I'm looking for an approach/algorithm to find the minimum runs (which rows and/or columns I need to run).

Solution

  • The matrix can form a bipartite graph, all rows can form the vertices on left and all columns on the right. If there are seeds in a cell, it will establish an edge between left & right. So, the given example will form the following bipartite graph.

    enter image description here

    Now all we need to select a set of vertices so that at least one end point of every edge will be included on that vertex set. In graph theory this is known as vertex cover problem. https://en.wikipedia.org/wiki/Vertex_cover

    To achieve minimum vertex cover we need to find the maximum matching of the graph. Hopcroft–Karp algorithm provides us to find a maximum matching in polynomial time (in worst case O(n^2.5). Once we have a maximum matching, Kőnig's theorem helps us to find the minimum vertex cover in O(n^2) time.

    How it works:

    Say M is the maximum matching, initially it is set to empty. From the bipartite graph, we need to find maximal set of vertex-disjoint shortest augmenting paths P.

    here P = {r1c1, r2c2, r3c5, r4c4}

    M = M (symmetric difference) P = {r1c1, r2c2, r3c5, r4c4}

    in this example there are no more augmenting path remaining. So the maximum matching is achieved.

    Now using Kőnig's theorem we need to find the minimum vertex cover from the matching M. Here the vertex cover will be {r1, r2, r3, c4}

    So the minimum run is 4.

    Overall complexity of this process is O(E * (V^0.5)), E & v are the length of set of edges and vertices.

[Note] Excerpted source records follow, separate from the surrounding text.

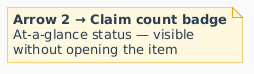

The diagram above was rendered by PlantUML. Its source (embedded in the PNG):
@startuml
skinparam defaultFontName Arial
skinparam backgroundColor #FAFAFA
skinparam note {
  BackgroundColor #FFF8E1
  BorderColor #F0A500
  FontColor #2C3E50
}
note as N2
  **Arrow 2 → Claim count badge**
  At-a-glance status — visible
  without opening the item
end note
@enduml

For a sparse matrix it will run in near-linear time.

    Another example:

    +---+---+---+---+---+
|   | * | * |   | * |
+---+---+---+---+---+
|   |   |   | * |   |
+---+---+---+---+---+
| * | * |   | * |   |
+---+---+---+---+---+
|   |   |   | * |   |
+---+---+---+---+---+

    Bipartite graph:

    enter image description here

    Maximum matching M = {r1c2, r2c4, r3c1}

    Minimum vertex cover = {r1, r3, c4}

    So the minimum run is 3.

    If you are only interested about the minimum run (number only, no need to show details) then you don't need to implement Kőnig's theorem, because the size of maximum matching is the length of minimum vertex cover set.